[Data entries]
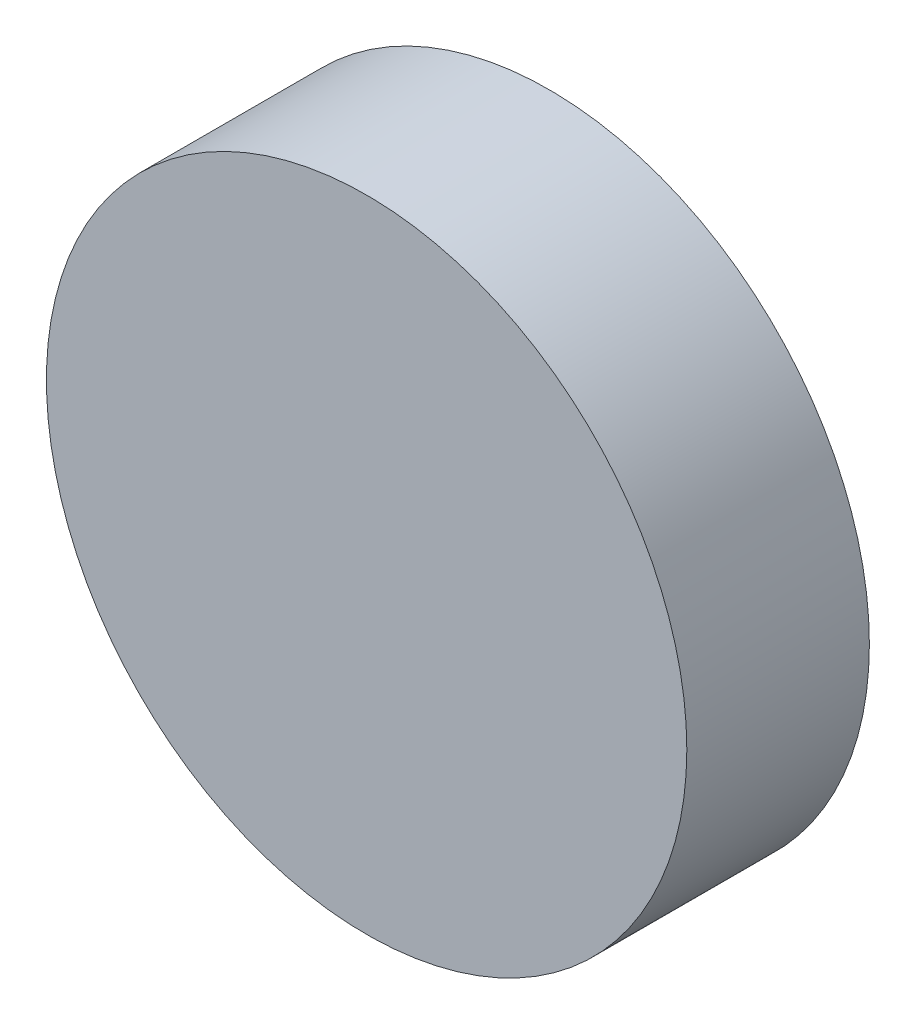
ISO-10303-21;
HEADER;
FILE_DESCRIPTION(('STEP AP214'),'2;1');
FILE_NAME('part.step','',(''),(''),'','','');
FILE_SCHEMA(('AUTOMOTIVE_DESIGN { 1 0 10303 214 1 1 1 1 }'));
ENDSEC;
DATA;
#1=APPLICATION_CONTEXT('core data for automotive mechanical design processes');
#2=APPLICATION_PROTOCOL_DEFINITION('international standard','automotive_design',2000,#1);
#3=PRODUCT_CONTEXT('',#1,'mechanical');
#4=PRODUCT('Part','Part','',(#3));
#5=PRODUCT_RELATED_PRODUCT_CATEGORY('part','',(#4));
#6=PRODUCT_DEFINITION_FORMATION('','',#4);
#7=PRODUCT_DEFINITION_CONTEXT('part definition',#1,'design');
#8=PRODUCT_DEFINITION('design','',#6,#7);
#9=PRODUCT_DEFINITION_SHAPE('','',#8);
#10=(LENGTH_UNIT() NAMED_UNIT(*) SI_UNIT(.MILLI.,.METRE.));
#11=(NAMED_UNIT(*) PLANE_ANGLE_UNIT() SI_UNIT($,.RADIAN.));
#12=(NAMED_UNIT(*) SI_UNIT($,.STERADIAN.) SOLID_ANGLE_UNIT());
#13=UNCERTAINTY_MEASURE_WITH_UNIT(LENGTH_MEASURE(1.E-05),#10,'distance_accuracy_value','');
#14=(GEOMETRIC_REPRESENTATION_CONTEXT(3) GLOBAL_UNCERTAINTY_ASSIGNED_CONTEXT((#13)) GLOBAL_UNIT_ASSIGNED_CONTEXT((#10,
#11,#12)) REPRESENTATION_CONTEXT('',''));
#15=CARTESIAN_POINT('',(0.,0.,0.));
#16=DIRECTION('',(0.,0.,1.));
#17=DIRECTION('',(1.,0.,0.));
#18=AXIS2_PLACEMENT_3D('',#15,#16,#17);
#19=CARTESIAN_POINT('',(0.,0.,50.));
#20=DIRECTION('',(0.,0.,-1.));
#21=DIRECTION('',(-1.,0.,0.));
#22=AXIS2_PLACEMENT_3D('',#19,#20,#21);
#23=CYLINDRICAL_SURFACE('',#22,87.6977112926905);
#24=CARTESIAN_POINT('',(0.,0.,50.));
#25=DIRECTION('',(0.,0.,1.));
#26=DIRECTION('',(1.,0.,0.));
#27=AXIS2_PLACEMENT_3D('',#24,#25,#26);
#28=CIRCLE('',#27,87.6977112926905);
#29=CARTESIAN_POINT('',(87.6977112926905,0.,50.));
#30=VERTEX_POINT('',#29);
#31=EDGE_CURVE('E10',#30,#30,#28,.T.);
#32=ORIENTED_EDGE('',*,*,#31,.F.);
#33=EDGE_LOOP('',(#32));
#34=FACE_BOUND('',#33,.T.);
#35=CARTESIAN_POINT('',(0.,0.,0.));
#36=DIRECTION('',(0.,0.,1.));
#37=DIRECTION('',(1.,0.,0.));
#38=AXIS2_PLACEMENT_3D('',#35,#36,#37);
#39=CIRCLE('',#38,87.6977112926905);
#40=CARTESIAN_POINT('',(87.6977112926905,0.,0.));
#41=VERTEX_POINT('',#40);
#42=EDGE_CURVE('E36',#41,#41,#39,.T.);
#43=ORIENTED_EDGE('',*,*,#42,.T.);
#44=EDGE_LOOP('',(#43));
#45=FACE_BOUND('',#44,.T.);
#46=ADVANCED_FACE('F33',(#34,#45),#23,.T.);
#47=CARTESIAN_POINT('',(0.,0.,50.));
#48=DIRECTION('',(0.,0.,1.));
#49=DIRECTION('',(1.,0.,0.));
#50=AXIS2_PLACEMENT_3D('',#47,#48,#49);
#51=PLANE('',#50);
#52=ORIENTED_EDGE('',*,*,#31,.T.);
#53=EDGE_LOOP('',(#52));
#54=FACE_BOUND('',#53,.T.);
#55=ADVANCED_FACE('F48',(#54),#51,.T.);
#56=CARTESIAN_POINT('',(0.,0.,0.));
#57=DIRECTION('',(0.,0.,1.));
#58=DIRECTION('',(1.,0.,0.));
#59=AXIS2_PLACEMENT_3D('',#56,#57,#58);
#60=PLANE('',#59);
#61=ORIENTED_EDGE('',*,*,#42,.F.);
#62=EDGE_LOOP('',(#61));
#63=FACE_BOUND('',#62,.T.);
#64=ADVANCED_FACE('F46',(#63),#60,.F.);
#65=CLOSED_SHELL('',(#46,#55,#64));
#66=MANIFOLD_SOLID_BREP('B2',#65);
#67=ADVANCED_BREP_SHAPE_REPRESENTATION('',(#18,#66),#14);
#68=SHAPE_DEFINITION_REPRESENTATION(#9,#67);
ENDSEC;
END-ISO-10303-21;

▶ _EXERCISE OBJECTIVE_:
A word-for-word copy of the records is needed, with no pictures carried over.

▶ _EXERCISE ANSWER_:
ISO-10303-21;
HEADER;
FILE_DESCRIPTION(('STEP AP214'),'2;1');
FILE_NAME('part.step','',(''),(''),'','','');
FILE_SCHEMA(('AUTOMOTIVE_DESIGN { 1 0 10303 214 1 1 1 1 }'));
ENDSEC;
DATA;
#1=APPLICATION_CONTEXT('core data for automotive mechanical design processes');
#2=APPLICATION_PROTOCOL_DEFINITION('international standard','automotive_design',2000,#1);
#3=PRODUCT_CONTEXT('',#1,'mechanical');
#4=PRODUCT('Part','Part','',(#3));
#5=PRODUCT_RELATED_PRODUCT_CATEGORY('part','',(#4));
#6=PRODUCT_DEFINITION_FORMATION('','',#4);
#7=PRODUCT_DEFINITION_CONTEXT('part definition',#1,'design');
#8=PRODUCT_DEFINITION('design','',#6,#7);
#9=PRODUCT_DEFINITION_SHAPE('','',#8);
#10=(LENGTH_UNIT() NAMED_UNIT(*) SI_UNIT(.MILLI.,.METRE.));
#11=(NAMED_UNIT(*) PLANE_ANGLE_UNIT() SI_UNIT($,.RADIAN.));
#12=(NAMED_UNIT(*) SI_UNIT($,.STERADIAN.) SOLID_ANGLE_UNIT());
#13=UNCERTAINTY_MEASURE_WITH_UNIT(LENGTH_MEASURE(1.E-05),#10,'distance_accuracy_value','');
#14=(GEOMETRIC_REPRESENTATION_CONTEXT(3) GLOBAL_UNCERTAINTY_ASSIGNED_CONTEXT((#13)) GLOBAL_UNIT_ASSIGNED_CONTEXT((#10,
#11,#12)) REPRESENTATION_CONTEXT('',''));
#15=CARTESIAN_POINT('',(0.,0.,0.));
#16=DIRECTION('',(0.,0.,1.));
#17=DIRECTION('',(1.,0.,0.));
#18=AXIS2_PLACEMENT_3D('',#15,#16,#17);
#19=CARTESIAN_POINT('',(0.,0.,50.));
#20=DIRECTION('',(0.,0.,-1.));
#21=DIRECTION('',(-1.,0.,0.));
#22=AXIS2_PLACEMENT_3D('',#19,#20,#21);
#23=CYLINDRICAL_SURFACE('',#22,87.6977112926905);
#24=CARTESIAN_POINT('',(0.,0.,50.));
#25=DIRECTION('',(0.,0.,1.));
#26=DIRECTION('',(1.,0.,0.));
#27=AXIS2_PLACEMENT_3D('',#24,#25,#26);
#28=CIRCLE('',#27,87.6977112926905);
#29=CARTESIAN_POINT('',(87.6977112926905,0.,50.));
#30=VERTEX_POINT('',#29);
#31=EDGE_CURVE('E10',#30,#30,#28,.T.);
#32=ORIENTED_EDGE('',*,*,#31,.F.);
#33=EDGE_LOOP('',(#32));
#34=FACE_BOUND('',#33,.T.);
#35=CARTESIAN_POINT('',(0.,0.,0.));
#36=DIRECTION('',(0.,0.,1.));
#37=DIRECTION('',(1.,0.,0.));
#38=AXIS2_PLACEMENT_3D('',#35,#36,#37);
#39=CIRCLE('',#38,87.6977112926905);
#40=CARTESIAN_POINT('',(87.6977112926905,0.,0.));
#41=VERTEX_POINT('',#40);
#42=EDGE_CURVE('E36',#41,#41,#39,.T.);
#43=ORIENTED_EDGE('',*,*,#42,.T.);
#44=EDGE_LOOP('',(#43));
#45=FACE_BOUND('',#44,.T.);
#46=ADVANCED_FACE('F33',(#34,#45),#23,.T.);
#47=CARTESIAN_POINT('',(0.,0.,50.));
#48=DIRECTION('',(0.,0.,1.));
#49=DIRECTION('',(1.,0.,0.));
#50=AXIS2_PLACEMENT_3D('',#47,#48,#49);
#51=PLANE('',#50);
#52=ORIENTED_EDGE('',*,*,#31,.T.);
#53=EDGE_LOOP('',(#52));
#54=FACE_BOUND('',#53,.T.);
#55=ADVANCED_FACE('F48',(#54),#51,.T.);
#56=CARTESIAN_POINT('',(0.,0.,0.));
#57=DIRECTION('',(0.,0.,1.));
#58=DIRECTION('',(1.,0.,0.));
#59=AXIS2_PLACEMENT_3D('',#56,#57,#58);
#60=PLANE('',#59);
#61=ORIENTED_EDGE('',*,*,#42,.F.);
#62=EDGE_LOOP('',(#61));
#63=FACE_BOUND('',#62,.T.);
#64=ADVANCED_FACE('F46',(#63),#60,.F.);
#65=CLOSED_SHELL('',(#46,#55,#64));
#66=MANIFOLD_SOLID_BREP('B2',#65);
#67=ADVANCED_BREP_SHAPE_REPRESENTATION('',(#18,#66),#14);
#68=SHAPE_DEFINITION_REPRESENTATION(#9,#67);
ENDSEC;
END-ISO-10303-21;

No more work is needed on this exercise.